**PROBLEM DETAILS**
Within the data below, copy each line where the string "Circle" is found.

Records drawn from a dataset

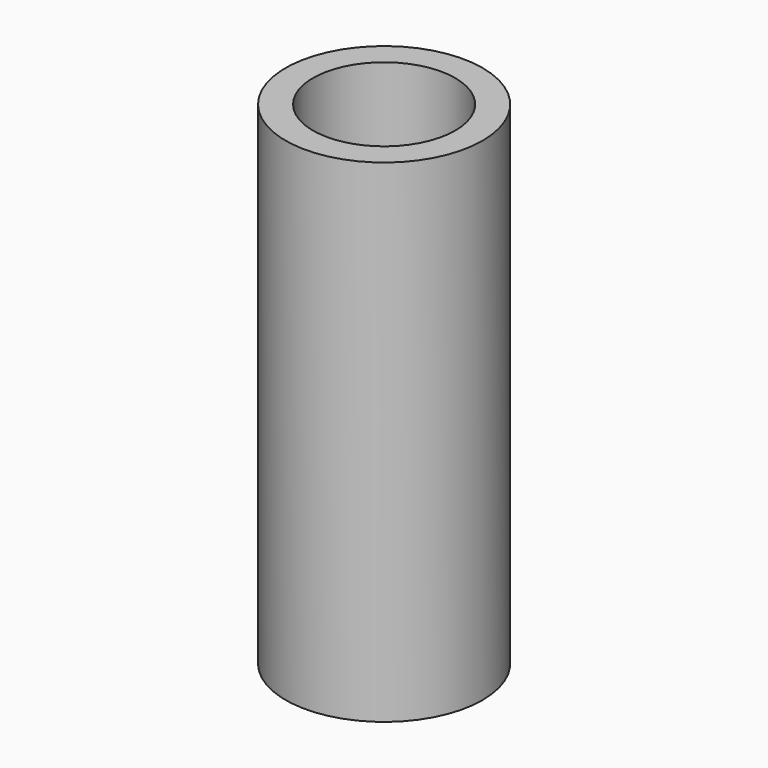
from build123d import *

# Parameters (mm, degrees)
F0_R     = 9
F0_R_2   = 6.5
F1_DEPTH = 45


# Not quite as in the source:
# - the program builds the solid bodies; features that only make, move or delete a surface that nothing else refers to are left out


with BuildPart() as f1:
    # F0 (on Top) → F1 (new body)
    with BuildSketch(Plane.XY):
        Circle(F0_R)
        Circle(F0_R_2, mode=Mode.SUBTRACT)
    extrude(amount=F1_DEPTH)


solid = f1.part

**REPLY TO THE EXERCISE**
        Circle(F0_R)
        Circle(F0_R_2, mode=Mode.SUBTRACT)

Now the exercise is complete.